The following table describes how the various Avro types are converted to JSON.
Avro Type |
JSON Representation |
---|---|
null |
null |
boolean |
The value true or false. |
int |
The integer value. For example: 123 |
long |
The long value. For example: 123 |
float |
The float value in a fixed point or scientific notation. For example: 12.34 |
double |
The double value in a fixed point or scientific notation. For example: 1.23E-12 |
string |
The string. For example: "abc" |
enum |
The symbol string. For example: "SPADES" |
bytes |
A string where every byte is converted to an ISO8859-1 character. For example: "éö" |
fixed |
A string where every byte is converted to an ISO8859-1 character. For example: "éö" |
record |
A JSON Object. For example: {"name":"John Smith", "address":"123 Main Street", "city":"New York", "state":"NY"} The actual document is not indented. |
array |
A JSON Array. The item values are converted recursively. For example: [10,42,99] The actual document is not indented. |
map |
A JSON Object. The key becomes the field name. For example: {"k1":"val1", "k2":"val2", "k3":"val3"} The actual document is not indented. |
union |
A JSON Object with a single field. The field name is the full name of the selected type. The field value is the value of the union. As a special case, a null value in a union is converted directly to null as if the union did not exist. For example: {"int":123} |
For more complex types, the rules are applied recursively.
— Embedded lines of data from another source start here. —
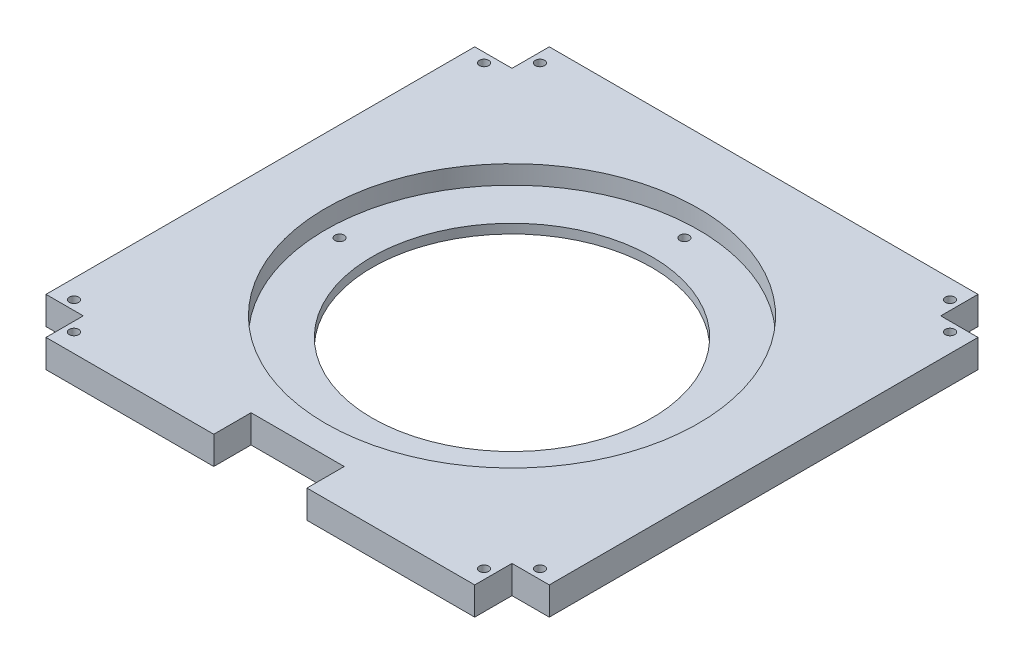
ISO-10303-21;
HEADER;
FILE_DESCRIPTION(('STEP AP214'),'2;1');
FILE_NAME('part.step','',(''),(''),'','','');
FILE_SCHEMA(('AUTOMOTIVE_DESIGN { 1 0 10303 214 1 1 1 1 }'));
ENDSEC;
DATA;
#1=APPLICATION_CONTEXT('core data for automotive mechanical design processes');
#2=APPLICATION_PROTOCOL_DEFINITION('international standard','automotive_design',2000,#1);
#3=PRODUCT_CONTEXT('',#1,'mechanical');
#4=PRODUCT('Part','Part','',(#3));
#5=PRODUCT_RELATED_PRODUCT_CATEGORY('part','',(#4));
#6=PRODUCT_DEFINITION_FORMATION('','',#4);
#7=PRODUCT_DEFINITION_CONTEXT('part definition',#1,'design');
#8=PRODUCT_DEFINITION('design','',#6,#7);
#9=PRODUCT_DEFINITION_SHAPE('','',#8);
#10=(LENGTH_UNIT() NAMED_UNIT(*) SI_UNIT(.MILLI.,.METRE.));
#11=(NAMED_UNIT(*) PLANE_ANGLE_UNIT() SI_UNIT($,.RADIAN.));
#12=(NAMED_UNIT(*) SI_UNIT($,.STERADIAN.) SOLID_ANGLE_UNIT());
#13=UNCERTAINTY_MEASURE_WITH_UNIT(LENGTH_MEASURE(1.E-05),#10,'distance_accuracy_value','');
#14=(GEOMETRIC_REPRESENTATION_CONTEXT(3) GLOBAL_UNCERTAINTY_ASSIGNED_CONTEXT((#13)) GLOBAL_UNIT_ASSIGNED_CONTEXT((#10,
#11,#12)) REPRESENTATION_CONTEXT('',''));
#15=CARTESIAN_POINT('',(0.,0.,0.));
#16=DIRECTION('',(0.,0.,1.));
#17=DIRECTION('',(1.,0.,0.));
#18=AXIS2_PLACEMENT_3D('',#15,#16,#17);
#19=CARTESIAN_POINT('',(0.,15.,0.));
#20=DIRECTION('',(0.,0.,-1.));
#21=DIRECTION('',(-1.,0.,0.));
#22=AXIS2_PLACEMENT_3D('',#19,#20,#21);
#23=PLANE('',#22);
#24=DIRECTION('',(1.,0.,0.));
#25=VECTOR('',#24,1.);
#26=CARTESIAN_POINT('',(0.,15.,0.));
#27=LINE('',#26,#25);
#28=CARTESIAN_POINT('',(160.,15.,0.));
#29=VERTEX_POINT('',#28);
#30=CARTESIAN_POINT('',(250.,15.,0.));
#31=VERTEX_POINT('',#30);
#32=EDGE_CURVE('E164',#29,#31,#27,.T.);
#33=ORIENTED_EDGE('',*,*,#32,.F.);
#34=DIRECTION('',(0.,1.,0.));
#35=VECTOR('',#34,1.);
#36=CARTESIAN_POINT('',(160.,-53.8516480713451,0.));
#37=LINE('',#36,#35);
#38=CARTESIAN_POINT('',(160.,0.,0.));
#39=VERTEX_POINT('',#38);
#40=EDGE_CURVE('E152',#39,#29,#37,.T.);
#41=ORIENTED_EDGE('',*,*,#40,.F.);
#42=DIRECTION('',(1.,0.,0.));
#43=VECTOR('',#42,1.);
#44=CARTESIAN_POINT('',(0.,0.,0.));
#45=LINE('',#44,#43);
#46=CARTESIAN_POINT('',(250.,0.,0.));
#47=VERTEX_POINT('',#46);
#48=EDGE_CURVE('E162',#39,#47,#45,.T.);
#49=ORIENTED_EDGE('',*,*,#48,.T.);
#50=DIRECTION('',(0.,1.,0.));
#51=VECTOR('',#50,1.);
#52=CARTESIAN_POINT('',(250.,0.,0.));
#53=LINE('',#52,#51);
#54=EDGE_CURVE('E241',#47,#31,#53,.T.);
#55=ORIENTED_EDGE('',*,*,#54,.T.);
#56=EDGE_LOOP('',(#33,#41,#49,#55));
#57=FACE_BOUND('',#56,.T.);
#58=ADVANCED_FACE('F33',(#57),#23,.F.);
#59=CARTESIAN_POINT('',(0.,15.,0.));
#60=DIRECTION('',(1.,0.,0.));
#61=DIRECTION('',(0.,0.,-1.));
#62=AXIS2_PLACEMENT_3D('',#59,#60,#61);
#63=PLANE('',#62);
#64=DIRECTION('',(0.,0.,1.));
#65=VECTOR('',#64,1.);
#66=CARTESIAN_POINT('',(0.,0.,0.));
#67=LINE('',#66,#65);
#68=CARTESIAN_POINT('',(0.,0.,-250.));
#69=VERTEX_POINT('',#68);
#70=CARTESIAN_POINT('',(0.,0.,-20.));
#71=VERTEX_POINT('',#70);
#72=EDGE_CURVE('E173',#69,#71,#67,.T.);
#73=ORIENTED_EDGE('',*,*,#72,.T.);
#74=DIRECTION('',(0.,1.,0.));
#75=VECTOR('',#74,1.);
#76=CARTESIAN_POINT('',(0.,0.,-20.));
#77=LINE('',#76,#75);
#78=CARTESIAN_POINT('',(0.,15.,-20.));
#79=VERTEX_POINT('',#78);
#80=EDGE_CURVE('E238',#71,#79,#77,.T.);
#81=ORIENTED_EDGE('',*,*,#80,.T.);
#82=DIRECTION('',(0.,0.,1.));
#83=VECTOR('',#82,1.);
#84=CARTESIAN_POINT('',(0.,15.,0.));
#85=LINE('',#84,#83);
#86=CARTESIAN_POINT('',(0.,15.,-250.));
#87=VERTEX_POINT('',#86);
#88=EDGE_CURVE('E186',#87,#79,#85,.T.);
#89=ORIENTED_EDGE('',*,*,#88,.F.);
#90=DIRECTION('',(0.,1.,0.));
#91=VECTOR('',#90,1.);
#92=CARTESIAN_POINT('',(0.,0.,-250.));
#93=LINE('',#92,#91);
#94=EDGE_CURVE('E200',#69,#87,#93,.T.);
#95=ORIENTED_EDGE('',*,*,#94,.F.);
#96=EDGE_LOOP('',(#73,#81,#89,#95));
#97=FACE_BOUND('',#96,.T.);
#98=ADVANCED_FACE('F35',(#97),#63,.F.);
#99=CARTESIAN_POINT('',(20.,0.,0.));
#100=VERTEX_POINT('',#99);
#101=CARTESIAN_POINT('',(110.,0.,0.));
#102=VERTEX_POINT('',#101);
#103=EDGE_CURVE('E172',#100,#102,#45,.T.);
#104=ORIENTED_EDGE('',*,*,#103,.T.);
#105=DIRECTION('',(0.,1.,0.));
#106=VECTOR('',#105,1.);
#107=CARTESIAN_POINT('',(110.,-53.8516480713451,0.));
#108=LINE('',#107,#106);
#109=CARTESIAN_POINT('',(110.,15.,0.));
#110=VERTEX_POINT('',#109);
#111=EDGE_CURVE('E50',#102,#110,#108,.T.);
#112=ORIENTED_EDGE('',*,*,#111,.T.);
#113=CARTESIAN_POINT('',(20.,15.,0.));
#114=VERTEX_POINT('',#113);
#115=EDGE_CURVE('E197',#114,#110,#27,.T.);
#116=ORIENTED_EDGE('',*,*,#115,.F.);
#117=DIRECTION('',(0.,1.,0.));
#118=VECTOR('',#117,1.);
#119=CARTESIAN_POINT('',(20.,0.,0.));
#120=LINE('',#119,#118);
#121=EDGE_CURVE('E252',#100,#114,#120,.T.);
#122=ORIENTED_EDGE('',*,*,#121,.F.);
#123=EDGE_LOOP('',(#104,#112,#116,#122));
#124=FACE_BOUND('',#123,.T.);
#125=ADVANCED_FACE('F287',(#124),#23,.F.);
#126=CARTESIAN_POINT('',(270.,15.,0.));
#127=DIRECTION('',(-1.,0.,0.));
#128=DIRECTION('',(0.,0.,1.));
#129=AXIS2_PLACEMENT_3D('',#126,#127,#128);
#130=PLANE('',#129);
#131=DIRECTION('',(0.,0.,-1.));
#132=VECTOR('',#131,1.);
#133=CARTESIAN_POINT('',(270.,15.,0.));
#134=LINE('',#133,#132);
#135=CARTESIAN_POINT('',(270.,15.,-20.));
#136=VERTEX_POINT('',#135);
#137=CARTESIAN_POINT('',(270.,15.,-250.));
#138=VERTEX_POINT('',#137);
#139=EDGE_CURVE('E42',#136,#138,#134,.T.);
#140=ORIENTED_EDGE('',*,*,#139,.F.);
#141=DIRECTION('',(0.,1.,0.));
#142=VECTOR('',#141,1.);
#143=CARTESIAN_POINT('',(270.,0.,-20.));
#144=LINE('',#143,#142);
#145=CARTESIAN_POINT('',(270.,0.,-20.));
#146=VERTEX_POINT('',#145);
#147=EDGE_CURVE('E216',#146,#136,#144,.T.);
#148=ORIENTED_EDGE('',*,*,#147,.F.);
#149=DIRECTION('',(0.,0.,-1.));
#150=VECTOR('',#149,1.);
#151=CARTESIAN_POINT('',(270.,0.,0.));
#152=LINE('',#151,#150);
#153=CARTESIAN_POINT('',(270.,0.,-250.));
#154=VERTEX_POINT('',#153);
#155=EDGE_CURVE('E176',#146,#154,#152,.T.);
#156=ORIENTED_EDGE('',*,*,#155,.T.);
#157=DIRECTION('',(0.,1.,0.));
#158=VECTOR('',#157,1.);
#159=CARTESIAN_POINT('',(270.,0.,-250.));
#160=LINE('',#159,#158);
#161=EDGE_CURVE('E217',#154,#138,#160,.T.);
#162=ORIENTED_EDGE('',*,*,#161,.T.);
#163=EDGE_LOOP('',(#140,#148,#156,#162));
#164=FACE_BOUND('',#163,.T.);
#165=ADVANCED_FACE('F215',(#164),#130,.F.);
#166=CARTESIAN_POINT('',(0.,15.,-270.));
#167=DIRECTION('',(0.,0.,1.));
#168=DIRECTION('',(1.,0.,0.));
#169=AXIS2_PLACEMENT_3D('',#166,#167,#168);
#170=PLANE('',#169);
#171=DIRECTION('',(-1.,0.,0.));
#172=VECTOR('',#171,1.);
#173=CARTESIAN_POINT('',(0.,15.,-270.));
#174=LINE('',#173,#172);
#175=CARTESIAN_POINT('',(250.,15.,-270.));
#176=VERTEX_POINT('',#175);
#177=CARTESIAN_POINT('',(20.,15.,-270.));
#178=VERTEX_POINT('',#177);
#179=EDGE_CURVE('E11',#176,#178,#174,.T.);
#180=ORIENTED_EDGE('',*,*,#179,.F.);
#181=DIRECTION('',(0.,1.,0.));
#182=VECTOR('',#181,1.);
#183=CARTESIAN_POINT('',(250.,0.,-270.));
#184=LINE('',#183,#182);
#185=CARTESIAN_POINT('',(250.,0.,-270.));
#186=VERTEX_POINT('',#185);
#187=EDGE_CURVE('E226',#186,#176,#184,.T.);
#188=ORIENTED_EDGE('',*,*,#187,.F.);
#189=DIRECTION('',(-1.,0.,0.));
#190=VECTOR('',#189,1.);
#191=CARTESIAN_POINT('',(0.,0.,-270.));
#192=LINE('',#191,#190);
#193=CARTESIAN_POINT('',(20.,0.,-270.));
#194=VERTEX_POINT('',#193);
#195=EDGE_CURVE('E37',#186,#194,#192,.T.);
#196=ORIENTED_EDGE('',*,*,#195,.T.);
#197=DIRECTION('',(0.,1.,0.));
#198=VECTOR('',#197,1.);
#199=CARTESIAN_POINT('',(20.,0.,-270.));
#200=LINE('',#199,#198);
#201=EDGE_CURVE('E178',#194,#178,#200,.T.);
#202=ORIENTED_EDGE('',*,*,#201,.T.);
#203=EDGE_LOOP('',(#180,#188,#196,#202));
#204=FACE_BOUND('',#203,.T.);
#205=ADVANCED_FACE('F397',(#204),#170,.F.);
#206=CARTESIAN_POINT('',(0.,15.,0.));
#207=DIRECTION('',(0.,-1.,0.));
#208=DIRECTION('',(0.,0.,-1.));
#209=AXIS2_PLACEMENT_3D('',#206,#207,#208);
#210=PLANE('',#209);
#211=CARTESIAN_POINT('',(135.,15.,-135.));
#212=DIRECTION('',(0.,1.,0.));
#213=DIRECTION('',(0.,0.,1.));
#214=AXIS2_PLACEMENT_3D('',#211,#212,#213);
#215=CIRCLE('',#214,100.);
#216=CARTESIAN_POINT('',(135.,15.,-35.));
#217=VERTEX_POINT('',#216);
#218=EDGE_CURVE('E332',#217,#217,#215,.T.);
#219=ORIENTED_EDGE('',*,*,#218,.F.);
#220=EDGE_LOOP('',(#219));
#221=FACE_BOUND('',#220,.T.);
#222=CARTESIAN_POINT('',(25.,15.,-260.));
#223=DIRECTION('',(0.,1.,0.));
#224=DIRECTION('',(0.,0.,1.));
#225=AXIS2_PLACEMENT_3D('',#222,#223,#224);
#226=CIRCLE('',#225,2.5);
#227=CARTESIAN_POINT('',(25.,15.,-257.5));
#228=VERTEX_POINT('',#227);
#229=EDGE_CURVE('E338',#228,#228,#226,.T.);
#230=ORIENTED_EDGE('',*,*,#229,.F.);
#231=EDGE_LOOP('',(#230));
#232=FACE_BOUND('',#231,.T.);
#233=CARTESIAN_POINT('',(245.,15.,-260.));
#234=DIRECTION('',(0.,1.,0.));
#235=DIRECTION('',(0.,0.,1.));
#236=AXIS2_PLACEMENT_3D('',#233,#234,#235);
#237=CIRCLE('',#236,2.5);
#238=CARTESIAN_POINT('',(245.,15.,-257.5));
#239=VERTEX_POINT('',#238);
#240=EDGE_CURVE('E375',#239,#239,#237,.T.);
#241=ORIENTED_EDGE('',*,*,#240,.F.);
#242=EDGE_LOOP('',(#241));
#243=FACE_BOUND('',#242,.T.);
#244=CARTESIAN_POINT('',(260.,15.,-245.));
#245=DIRECTION('',(0.,1.,0.));
#246=DIRECTION('',(0.,0.,1.));
#247=AXIS2_PLACEMENT_3D('',#244,#245,#246);
#248=CIRCLE('',#247,2.50000000000002);
#249=CARTESIAN_POINT('',(260.,15.,-242.5));
#250=VERTEX_POINT('',#249);
#251=EDGE_CURVE('E369',#250,#250,#248,.T.);
#252=ORIENTED_EDGE('',*,*,#251,.F.);
#253=EDGE_LOOP('',(#252));
#254=FACE_BOUND('',#253,.T.);
#255=CARTESIAN_POINT('',(260.,15.,-25.));
#256=DIRECTION('',(0.,1.,0.));
#257=DIRECTION('',(0.,0.,1.));
#258=AXIS2_PLACEMENT_3D('',#255,#256,#257);
#259=CIRCLE('',#258,2.50000000000002);
#260=CARTESIAN_POINT('',(260.,15.,-22.5));
#261=VERTEX_POINT('',#260);
#262=EDGE_CURVE('E363',#261,#261,#259,.T.);
#263=ORIENTED_EDGE('',*,*,#262,.F.);
#264=EDGE_LOOP('',(#263));
#265=FACE_BOUND('',#264,.T.);
#266=CARTESIAN_POINT('',(245.,15.,-10.));
#267=DIRECTION('',(0.,1.,0.));
#268=DIRECTION('',(0.,0.,1.));
#269=AXIS2_PLACEMENT_3D('',#266,#267,#268);
#270=CIRCLE('',#269,2.5);
#271=CARTESIAN_POINT('',(245.,15.,-7.5));
#272=VERTEX_POINT('',#271);
#273=EDGE_CURVE('E357',#272,#272,#270,.T.);
#274=ORIENTED_EDGE('',*,*,#273,.F.);
#275=EDGE_LOOP('',(#274));
#276=FACE_BOUND('',#275,.T.);
#277=CARTESIAN_POINT('',(25.,15.,-9.99999999999997));
#278=DIRECTION('',(0.,1.,0.));
#279=DIRECTION('',(0.,0.,1.));
#280=AXIS2_PLACEMENT_3D('',#277,#278,#279);
#281=CIRCLE('',#280,2.5);
#282=CARTESIAN_POINT('',(25.,15.,-7.49999999999997));
#283=VERTEX_POINT('',#282);
#284=EDGE_CURVE('E351',#283,#283,#281,.T.);
#285=ORIENTED_EDGE('',*,*,#284,.F.);
#286=EDGE_LOOP('',(#285));
#287=FACE_BOUND('',#286,.T.);
#288=CARTESIAN_POINT('',(10.,15.,-25.));
#289=DIRECTION('',(0.,1.,0.));
#290=DIRECTION('',(0.,0.,1.));
#291=AXIS2_PLACEMENT_3D('',#288,#289,#290);
#292=CIRCLE('',#291,2.5);
#293=CARTESIAN_POINT('',(10.,15.,-22.5));
#294=VERTEX_POINT('',#293);
#295=EDGE_CURVE('E345',#294,#294,#292,.T.);
#296=ORIENTED_EDGE('',*,*,#295,.F.);
#297=EDGE_LOOP('',(#296));
#298=FACE_BOUND('',#297,.T.);
#299=CARTESIAN_POINT('',(9.99999999999997,15.,-245.));
#300=DIRECTION('',(0.,1.,0.));
#301=DIRECTION('',(0.,0.,1.));
#302=AXIS2_PLACEMENT_3D('',#299,#300,#301);
#303=CIRCLE('',#302,2.5);
#304=CARTESIAN_POINT('',(9.99999999999997,15.,-242.5));
#305=VERTEX_POINT('',#304);
#306=EDGE_CURVE('E344',#305,#305,#303,.T.);
#307=ORIENTED_EDGE('',*,*,#306,.F.);
#308=EDGE_LOOP('',(#307));
#309=FACE_BOUND('',#308,.T.);
#310=DIRECTION('',(-1.,0.,0.));
#311=VECTOR('',#310,1.);
#312=CARTESIAN_POINT('',(110.,15.,-20.));
#313=LINE('',#312,#311);
#314=CARTESIAN_POINT('',(160.,15.,-20.));
#315=VERTEX_POINT('',#314);
#316=CARTESIAN_POINT('',(110.,15.,-20.));
#317=VERTEX_POINT('',#316);
#318=EDGE_CURVE('E165',#315,#317,#313,.T.);
#319=ORIENTED_EDGE('',*,*,#318,.F.);
#320=DIRECTION('',(0.,0.,-1.));
#321=VECTOR('',#320,1.);
#322=CARTESIAN_POINT('',(160.,15.,0.));
#323=LINE('',#322,#321);
#324=EDGE_CURVE('E291',#29,#315,#323,.T.);
#325=ORIENTED_EDGE('',*,*,#324,.F.);
#326=ORIENTED_EDGE('',*,*,#32,.T.);
#327=DIRECTION('',(0.,0.,1.));
#328=VECTOR('',#327,1.);
#329=CARTESIAN_POINT('',(250.,15.,0.));
#330=LINE('',#329,#328);
#331=CARTESIAN_POINT('',(250.,15.,-20.));
#332=VERTEX_POINT('',#331);
#333=EDGE_CURVE('E235',#332,#31,#330,.T.);
#334=ORIENTED_EDGE('',*,*,#333,.F.);
#335=DIRECTION('',(-1.,0.,0.));
#336=VECTOR('',#335,1.);
#337=CARTESIAN_POINT('',(270.,15.,-20.));
#338=LINE('',#337,#336);
#339=EDGE_CURVE('E214',#136,#332,#338,.T.);
#340=ORIENTED_EDGE('',*,*,#339,.F.);
#341=ORIENTED_EDGE('',*,*,#139,.T.);
#342=DIRECTION('',(1.,0.,0.));
#343=VECTOR('',#342,1.);
#344=CARTESIAN_POINT('',(270.,15.,-250.));
#345=LINE('',#344,#343);
#346=CARTESIAN_POINT('',(250.,15.,-250.));
#347=VERTEX_POINT('',#346);
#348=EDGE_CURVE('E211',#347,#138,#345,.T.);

Consider this Avro complex type (shown indented for display purposes only):
{"type": "record", "name": "Outer", "fields": [ {"name": "rec1", "type": {"type": "record", "name": "Inner", "fields": [ {"name": "f1", "type": "string"}, {"name": "f2", "type": "int"}]}}, {"name": "map1", "type": {"type": "map", "values": "string"}}, {"name": "array1", "type": {"type": "array", "items": "int"}}, {"name": "union1", "type": ["null", "string"]}, {"name": "union2", "type": ["null", "string"]}, {"name": "union3", "type": ["int", "string"]}]}
An instance of this record might look like the following syntax once it is converted to JSON (shown indented for display purposes only).
{"rec1": {"f1":"str1", "f2":11}, "map1": {"k1":"v1", "k2":"v2"}, "array1":[10,20,30], "union1":null, "union2":{"string":"u2"}, "union3":{"int":33}}
This would be one value within the array representing the whole container.